Besides to experimental measurement, modelling of the optical properties of soot particle aging process has also been performed under a variety of conditions previously. For example, Cheng et al. (2014) investigated the effects of atmospheric water on the optical properties of soot aerosols using a superposition T-matrix method under three different mixing states in the spectral range of 400–1020 nm [9]. They found that different mixing states with atmospheric water (e.g., externally mixed, semi-embedded mixed, and internally mixed) were responsible for the significant changes in the optical properties of soot aerosols. More recently, Doner et al. (2017) modelled the impact of necking and overlapping on the radiative properties of coated soot aggregates by using the Discrete Dipole Approximation (DDA) method [10]. They found that the calculated extinction, absorption, and scattering properties increased as overlapping and necking increased at four different wavelengths in the visible and near-infrared.

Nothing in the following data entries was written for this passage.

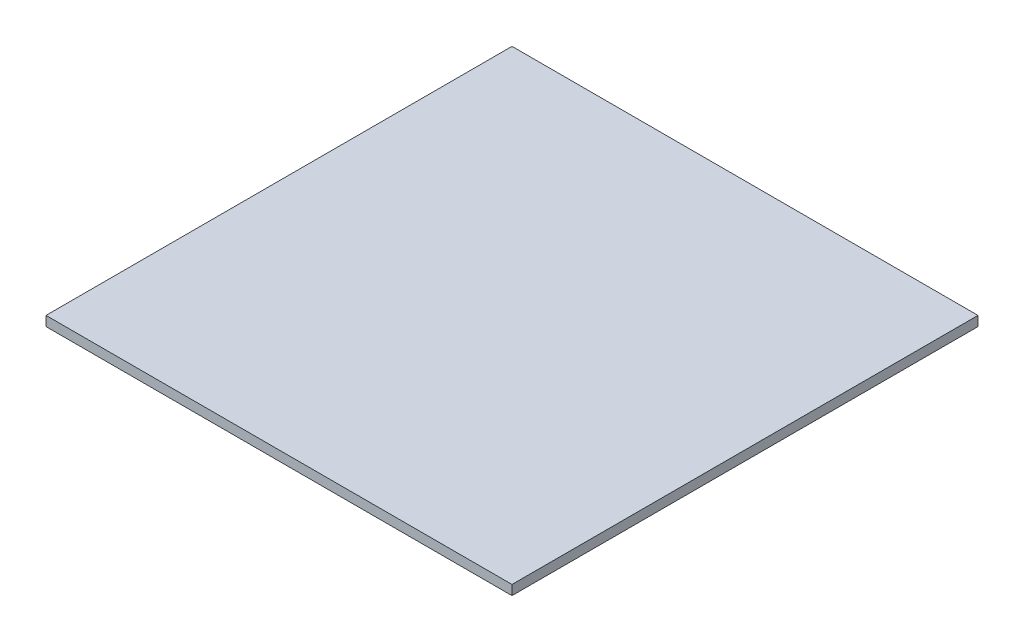
ISO-10303-21;
HEADER;
FILE_DESCRIPTION(('STEP AP214'),'2;1');
FILE_NAME('part.step','',(''),(''),'','','');
FILE_SCHEMA(('AUTOMOTIVE_DESIGN { 1 0 10303 214 1 1 1 1 }'));
ENDSEC;
DATA;
#1=APPLICATION_CONTEXT('core data for automotive mechanical design processes');
#2=APPLICATION_PROTOCOL_DEFINITION('international standard','automotive_design',2000,#1);
#3=PRODUCT_CONTEXT('',#1,'mechanical');
#4=PRODUCT('Part','Part','',(#3));
#5=PRODUCT_RELATED_PRODUCT_CATEGORY('part','',(#4));
#6=PRODUCT_DEFINITION_FORMATION('','',#4);
#7=PRODUCT_DEFINITION_CONTEXT('part definition',#1,'design');
#8=PRODUCT_DEFINITION('design','',#6,#7);
#9=PRODUCT_DEFINITION_SHAPE('','',#8);
#10=(LENGTH_UNIT() NAMED_UNIT(*) SI_UNIT(.MILLI.,.METRE.));
#11=(NAMED_UNIT(*) PLANE_ANGLE_UNIT() SI_UNIT($,.RADIAN.));
#12=(NAMED_UNIT(*) SI_UNIT($,.STERADIAN.) SOLID_ANGLE_UNIT());
#13=UNCERTAINTY_MEASURE_WITH_UNIT(LENGTH_MEASURE(1.E-05),#10,'distance_accuracy_value','');
#14=(GEOMETRIC_REPRESENTATION_CONTEXT(3) GLOBAL_UNCERTAINTY_ASSIGNED_CONTEXT((#13)) GLOBAL_UNIT_ASSIGNED_CONTEXT((#10,
#11,#12)) REPRESENTATION_CONTEXT('',''));
#15=CARTESIAN_POINT('',(0.,0.,0.));
#16=DIRECTION('',(0.,0.,1.));
#17=DIRECTION('',(1.,0.,0.));
#18=AXIS2_PLACEMENT_3D('',#15,#16,#17);
#19=CARTESIAN_POINT('',(-76.2,1.5875,76.2));
#20=DIRECTION('',(1.,0.,0.));
#21=DIRECTION('',(0.,0.,-1.));
#22=AXIS2_PLACEMENT_3D('',#19,#20,#21);
#23=PLANE('',#22);
#24=DIRECTION('',(0.,0.,-1.));
#25=VECTOR('',#24,1.);
#26=CARTESIAN_POINT('',(-76.2,1.5875,76.2));
#27=LINE('',#26,#25);
#28=CARTESIAN_POINT('',(-76.2,1.5875,76.2));
#29=VERTEX_POINT('',#28);
#30=CARTESIAN_POINT('',(-76.2,1.5875,-76.2));
#31=VERTEX_POINT('',#30);
#32=EDGE_CURVE('E89',#29,#31,#27,.T.);
#33=ORIENTED_EDGE('',*,*,#32,.T.);
#34=DIRECTION('',(0.,-1.,0.));
#35=VECTOR('',#34,1.);
#36=CARTESIAN_POINT('',(-76.2,1.5875,-76.2));
#37=LINE('',#36,#35);
#38=CARTESIAN_POINT('',(-76.2,-1.5875,-76.2));
#39=VERTEX_POINT('',#38);
#40=EDGE_CURVE('E84',#31,#39,#37,.T.);
#41=ORIENTED_EDGE('',*,*,#40,.T.);
#42=DIRECTION('',(0.,0.,-1.));
#43=VECTOR('',#42,1.);
#44=CARTESIAN_POINT('',(-76.2,-1.5875,76.2));
#45=LINE('',#44,#43);
#46=CARTESIAN_POINT('',(-76.2,-1.5875,76.2));
#47=VERTEX_POINT('',#46);
#48=EDGE_CURVE('E11',#47,#39,#45,.T.);
#49=ORIENTED_EDGE('',*,*,#48,.F.);
#50=DIRECTION('',(0.,-1.,0.));
#51=VECTOR('',#50,1.);
#52=CARTESIAN_POINT('',(-76.2,1.5875,76.2));
#53=LINE('',#52,#51);
#54=EDGE_CURVE('E95',#29,#47,#53,.T.);
#55=ORIENTED_EDGE('',*,*,#54,.F.);
#56=EDGE_LOOP('',(#33,#41,#49,#55));
#57=FACE_BOUND('',#56,.T.);
#58=ADVANCED_FACE('F32',(#57),#23,.F.);
#59=CARTESIAN_POINT('',(76.2,-1.5875,76.2));
#60=DIRECTION('',(0.,1.,0.));
#61=DIRECTION('',(0.,0.,1.));
#62=AXIS2_PLACEMENT_3D('',#59,#60,#61);
#63=PLANE('',#62);
#64=ORIENTED_EDGE('',*,*,#48,.T.);
#65=DIRECTION('',(1.,0.,0.));
#66=VECTOR('',#65,1.);
#67=CARTESIAN_POINT('',(76.2,-1.5875,-76.2));
#68=LINE('',#67,#66);
#69=CARTESIAN_POINT('',(76.2,-1.5875,-76.2));
#70=VERTEX_POINT('',#69);
#71=EDGE_CURVE('E74',#39,#70,#68,.T.);
#72=ORIENTED_EDGE('',*,*,#71,.T.);
#73=DIRECTION('',(0.,0.,-1.));
#74=VECTOR('',#73,1.);
#75=CARTESIAN_POINT('',(76.2,-1.5875,76.2));
#76=LINE('',#75,#74);
#77=CARTESIAN_POINT('',(76.2,-1.5875,76.2));
#78=VERTEX_POINT('',#77);
#79=EDGE_CURVE('E39',#78,#70,#76,.T.);
#80=ORIENTED_EDGE('',*,*,#79,.F.);
#81=DIRECTION('',(1.,0.,0.));
#82=VECTOR('',#81,1.);
#83=CARTESIAN_POINT('',(76.2,-1.5875,76.2));
#84=LINE('',#83,#82);
#85=EDGE_CURVE('E75',#47,#78,#84,.T.);
#86=ORIENTED_EDGE('',*,*,#85,.F.);
#87=EDGE_LOOP('',(#64,#72,#80,#86));
#88=FACE_BOUND('',#87,.T.);
#89=ADVANCED_FACE('F72',(#88),#63,.F.);
#90=CARTESIAN_POINT('',(76.2,1.5875,76.2));
#91=DIRECTION('',(-1.,0.,0.));
#92=DIRECTION('',(0.,0.,1.));
#93=AXIS2_PLACEMENT_3D('',#90,#91,#92);
#94=PLANE('',#93);
#95=ORIENTED_EDGE('',*,*,#79,.T.);
#96=DIRECTION('',(0.,1.,0.));
#97=VECTOR('',#96,1.);
#98=CARTESIAN_POINT('',(76.2,1.5875,-76.2));
#99=LINE('',#98,#97);
#100=CARTESIAN_POINT('',(76.2,1.5875,-76.2));
#101=VERTEX_POINT('',#100);
#102=EDGE_CURVE('E87',#70,#101,#99,.T.);
#103=ORIENTED_EDGE('',*,*,#102,.T.);
#104=DIRECTION('',(0.,0.,-1.));
#105=VECTOR('',#104,1.);
#106=CARTESIAN_POINT('',(76.2,1.5875,76.2));
#107=LINE('',#106,#105);
#108=CARTESIAN_POINT('',(76.2,1.5875,76.2));
#109=VERTEX_POINT('',#108);
#110=EDGE_CURVE('E101',#109,#101,#107,.T.);
#111=ORIENTED_EDGE('',*,*,#110,.F.);
#112=DIRECTION('',(0.,1.,0.));
#113=VECTOR('',#112,1.);
#114=CARTESIAN_POINT('',(76.2,1.5875,76.2));
#115=LINE('',#114,#113);
#116=EDGE_CURVE('E51',#78,#109,#115,.T.);
#117=ORIENTED_EDGE('',*,*,#116,.F.);
#118=EDGE_LOOP('',(#95,#103,#111,#117));
#119=FACE_BOUND('',#118,.T.);
#120=ADVANCED_FACE('F103',(#119),#94,.F.);
#121=CARTESIAN_POINT('',(76.2,1.5875,76.2));
#122=DIRECTION('',(0.,-1.,0.));
#123=DIRECTION('',(0.,0.,-1.));
#124=AXIS2_PLACEMENT_3D('',#121,#122,#123);
#125=PLANE('',#124);
#126=ORIENTED_EDGE('',*,*,#110,.T.);
#127=DIRECTION('',(-1.,0.,0.));
#128=VECTOR('',#127,1.);
#129=CARTESIAN_POINT('',(76.2,1.5875,-76.2));
#130=LINE('',#129,#128);
#131=EDGE_CURVE('E93',#101,#31,#130,.T.);
#132=ORIENTED_EDGE('',*,*,#131,.T.);
#133=ORIENTED_EDGE('',*,*,#32,.F.);
#134=DIRECTION('',(-1.,0.,0.));
#135=VECTOR('',#134,1.);
#136=CARTESIAN_POINT('',(76.2,1.5875,76.2));
#137=LINE('',#136,#135);
#138=EDGE_CURVE('E46',#109,#29,#137,.T.);
#139=ORIENTED_EDGE('',*,*,#138,.F.);
#140=EDGE_LOOP('',(#126,#132,#133,#139));
#141=FACE_BOUND('',#140,.T.);
#142=ADVANCED_FACE('F105',(#141),#125,.F.);
#143=CARTESIAN_POINT('',(0.,0.,76.2));
#144=DIRECTION('',(0.,0.,-1.));
#145=DIRECTION('',(-1.,0.,0.));
#146=AXIS2_PLACEMENT_3D('',#143,#144,#145);
#147=PLANE('',#146);
#148=ORIENTED_EDGE('',*,*,#54,.T.);
#149=ORIENTED_EDGE('',*,*,#85,.T.);
#150=ORIENTED_EDGE('',*,*,#116,.T.);
#151=ORIENTED_EDGE('',*,*,#138,.T.);
#152=EDGE_LOOP('',(#148,#149,#150,#151));
#153=FACE_BOUND('',#152,.T.);
#154=ADVANCED_FACE('F106',(#153),#147,.F.);
#155=CARTESIAN_POINT('',(0.,0.,-76.2));
#156=DIRECTION('',(0.,0.,-1.));
#157=DIRECTION('',(-1.,0.,0.));
#158=AXIS2_PLACEMENT_3D('',#155,#156,#157);
#159=PLANE('',#158);
#160=ORIENTED_EDGE('',*,*,#40,.F.);
#161=ORIENTED_EDGE('',*,*,#131,.F.);
#162=ORIENTED_EDGE('',*,*,#102,.F.);
#163=ORIENTED_EDGE('',*,*,#71,.F.);
#164=EDGE_LOOP('',(#160,#161,#162,#163));
#165=FACE_BOUND('',#164,.T.);
#166=ADVANCED_FACE('F82',(#165),#159,.T.);
#167=CLOSED_SHELL('',(#58,#89,#120,#142,#154,#166));
#168=MANIFOLD_SOLID_BREP('B2',#167);
#169=ADVANCED_BREP_SHAPE_REPRESENTATION('',(#18,#168),#14);
#170=SHAPE_DEFINITION_REPRESENTATION(#9,#169);
ENDSEC;
END-ISO-10303-21;
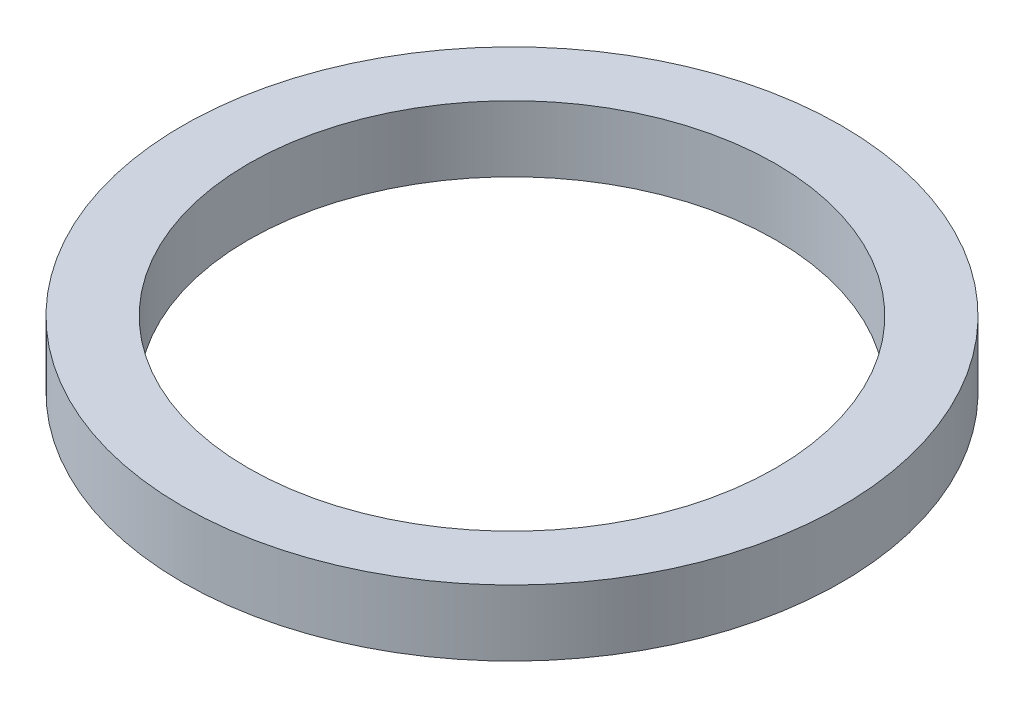
ISO-10303-21;
HEADER;
FILE_DESCRIPTION(('STEP AP214'),'2;1');
FILE_NAME('part.step','',(''),(''),'','','');
FILE_SCHEMA(('AUTOMOTIVE_DESIGN { 1 0 10303 214 1 1 1 1 }'));
ENDSEC;
DATA;
#1=APPLICATION_CONTEXT('core data for automotive mechanical design processes');
#2=APPLICATION_PROTOCOL_DEFINITION('international standard','automotive_design',2000,#1);
#3=PRODUCT_CONTEXT('',#1,'mechanical');
#4=PRODUCT('Part','Part','',(#3));
#5=PRODUCT_RELATED_PRODUCT_CATEGORY('part','',(#4));
#6=PRODUCT_DEFINITION_FORMATION('','',#4);
#7=PRODUCT_DEFINITION_CONTEXT('part definition',#1,'design');
#8=PRODUCT_DEFINITION('design','',#6,#7);
#9=PRODUCT_DEFINITION_SHAPE('','',#8);
#10=(LENGTH_UNIT() NAMED_UNIT(*) SI_UNIT(.MILLI.,.METRE.));
#11=(NAMED_UNIT(*) PLANE_ANGLE_UNIT() SI_UNIT($,.RADIAN.));
#12=(NAMED_UNIT(*) SI_UNIT($,.STERADIAN.) SOLID_ANGLE_UNIT());
#13=UNCERTAINTY_MEASURE_WITH_UNIT(LENGTH_MEASURE(1.E-05),#10,'distance_accuracy_value','');
#14=(GEOMETRIC_REPRESENTATION_CONTEXT(3) GLOBAL_UNCERTAINTY_ASSIGNED_CONTEXT((#13)) GLOBAL_UNIT_ASSIGNED_CONTEXT((#10,
#11,#12)) REPRESENTATION_CONTEXT('',''));
#15=CARTESIAN_POINT('',(0.,0.,0.));
#16=DIRECTION('',(0.,0.,1.));
#17=DIRECTION('',(1.,0.,0.));
#18=AXIS2_PLACEMENT_3D('',#15,#16,#17);
#19=CARTESIAN_POINT('',(0.,3.175,0.));
#20=DIRECTION('',(0.,1.,0.));
#21=DIRECTION('',(0.,0.,1.));
#22=AXIS2_PLACEMENT_3D('',#19,#20,#21);
#23=PLANE('',#22);
#24=CARTESIAN_POINT('',(0.,3.175,0.));
#25=DIRECTION('',(0.,1.,0.));
#26=DIRECTION('',(0.,0.,1.));
#27=AXIS2_PLACEMENT_3D('',#24,#25,#26);
#28=CIRCLE('',#27,15.875);
#29=CARTESIAN_POINT('',(0.,3.175,15.875));
#30=VERTEX_POINT('',#29);
#31=EDGE_CURVE('E10',#30,#30,#28,.T.);
#32=ORIENTED_EDGE('',*,*,#31,.T.);
#33=EDGE_LOOP('',(#32));
#34=FACE_BOUND('',#33,.T.);
#35=CARTESIAN_POINT('',(0.,3.175,0.));
#36=DIRECTION('',(0.,1.,0.));
#37=DIRECTION('',(0.,0.,1.));
#38=AXIS2_PLACEMENT_3D('',#35,#36,#37);
#39=CIRCLE('',#38,12.7);
#40=CARTESIAN_POINT('',(0.,3.175,12.7));
#41=VERTEX_POINT('',#40);
#42=EDGE_CURVE('E41',#41,#41,#39,.T.);
#43=ORIENTED_EDGE('',*,*,#42,.F.);
#44=EDGE_LOOP('',(#43));
#45=FACE_BOUND('',#44,.T.);
#46=ADVANCED_FACE('F30',(#34,#45),#23,.T.);
#47=CARTESIAN_POINT('',(0.,0.,0.));
#48=DIRECTION('',(0.,1.,0.));
#49=DIRECTION('',(0.,0.,1.));
#50=AXIS2_PLACEMENT_3D('',#47,#48,#49);
#51=PLANE('',#50);
#52=CARTESIAN_POINT('',(0.,0.,0.));
#53=DIRECTION('',(0.,1.,0.));
#54=DIRECTION('',(0.,0.,1.));
#55=AXIS2_PLACEMENT_3D('',#52,#53,#54);
#56=CIRCLE('',#55,15.875);
#57=CARTESIAN_POINT('',(0.,0.,15.875));
#58=VERTEX_POINT('',#57);
#59=EDGE_CURVE('E34',#58,#58,#56,.T.);
#60=ORIENTED_EDGE('',*,*,#59,.F.);
#61=EDGE_LOOP('',(#60));
#62=FACE_BOUND('',#61,.T.);
#63=CARTESIAN_POINT('',(0.,0.,0.));
#64=DIRECTION('',(0.,1.,0.));
#65=DIRECTION('',(0.,0.,1.));
#66=AXIS2_PLACEMENT_3D('',#63,#64,#65);
#67=CIRCLE('',#66,12.7);
#68=CARTESIAN_POINT('',(0.,0.,12.7));
#69=VERTEX_POINT('',#68);
#70=EDGE_CURVE('E43',#69,#69,#67,.T.);
#71=ORIENTED_EDGE('',*,*,#70,.T.);
#72=EDGE_LOOP('',(#71));
#73=FACE_BOUND('',#72,.T.);
#74=ADVANCED_FACE('F53',(#62,#73),#51,.F.);
#75=CARTESIAN_POINT('',(0.,3.175,0.));
#76=DIRECTION('',(0.,-1.,0.));
#77=DIRECTION('',(0.,0.,-1.));
#78=AXIS2_PLACEMENT_3D('',#75,#76,#77);
#79=CYLINDRICAL_SURFACE('',#78,15.875);
#80=ORIENTED_EDGE('',*,*,#31,.F.);
#81=EDGE_LOOP('',(#80));
#82=FACE_BOUND('',#81,.T.);
#83=ORIENTED_EDGE('',*,*,#59,.T.);
#84=EDGE_LOOP('',(#83));
#85=FACE_BOUND('',#84,.T.);
#86=ADVANCED_FACE('F32',(#82,#85),#79,.T.);
#87=CARTESIAN_POINT('',(0.,3.175,0.));
#88=DIRECTION('',(0.,-1.,0.));
#89=DIRECTION('',(0.,0.,-1.));
#90=AXIS2_PLACEMENT_3D('',#87,#88,#89);
#91=CYLINDRICAL_SURFACE('',#90,12.7);
#92=ORIENTED_EDGE('',*,*,#42,.T.);
#93=EDGE_LOOP('',(#92));
#94=FACE_BOUND('',#93,.T.);
#95=ORIENTED_EDGE('',*,*,#70,.F.);
#96=EDGE_LOOP('',(#95));
#97=FACE_BOUND('',#96,.T.);
#98=ADVANCED_FACE('F49',(#94,#97),#91,.F.);
#99=CLOSED_SHELL('',(#46,#74,#86,#98));
#100=MANIFOLD_SOLID_BREP('B2',#99);
#101=ADVANCED_BREP_SHAPE_REPRESENTATION('',(#18,#100),#14);
#102=SHAPE_DEFINITION_REPRESENTATION(#9,#101);
ENDSEC;
END-ISO-10303-21;

It has been well understood that the morphology of freshly emitted soot particles can be described as aggregates or chain-like structure, which consisted of hundreds of spherical primary particles with a certain degree of overlapping and necking between neighboring primary particles [11,12]. In some applications, coated soot aggregates are simply assumed to be single core-shell spheres and are calculated using the Mie method [13,14]. The basic assumption of the core-shell model is to approximate the soot particle as a concentric core-shell system or a homogeneous sphere. It should be noted that the core-shell model might be oversimplified and could lead to some inaccurate results in some conditions. For example, Liu et al., (2016) found that the core-shell model significantly overestimates the absorption enhancement by coating in the visible and the near-infrared compared to the Discrete Dipole Approximation (DDA) results of the coated soot particle [15]. Despite this, most climate models still employ the Mie method to calculate the radiative properties of coated soot particles primarily due to the simplicity of such treatments [11,16].

The core-shell mixing state (fresh soot as the core) is one of the predominantly occurring states of soot particles in the atmosphere [17]. In this study, we used the core-shell theory model to simulate the optical properties of soot particles under different atmospheric aging conditions. The variation pattern of optical efficiency under various conditions is also discussed. We also investigated the effects of different coating materials, core size and coating thickness on absorption proportion and absorption exponent of soot particles. Together, our results provide a fundamental understanding of the interaction of optical properties with chemical composition, mixing state and aging processing of soot particles in the atmosphere.

2. Methods

2.1. The Core-Shell Model

The core-shell model, also known as the double-sphere model, assumes that the spherical core is insoluble and solid. Spherical coatings, such as inorganic or organic species, are assumed to be uniformly coated onto the core. As shown in Figure 1, the core diameter is D₀, and the refractive index (RI) of the core is m₁ = n₁ − k₁i. The diameter of the coated particle is D_i, and the RI of the coating material is m₂ = n₂ − k₂i. Note that n and k refer to the real and imaginary part of RI, and the above parameters are used as input for core-shell Mie calculation.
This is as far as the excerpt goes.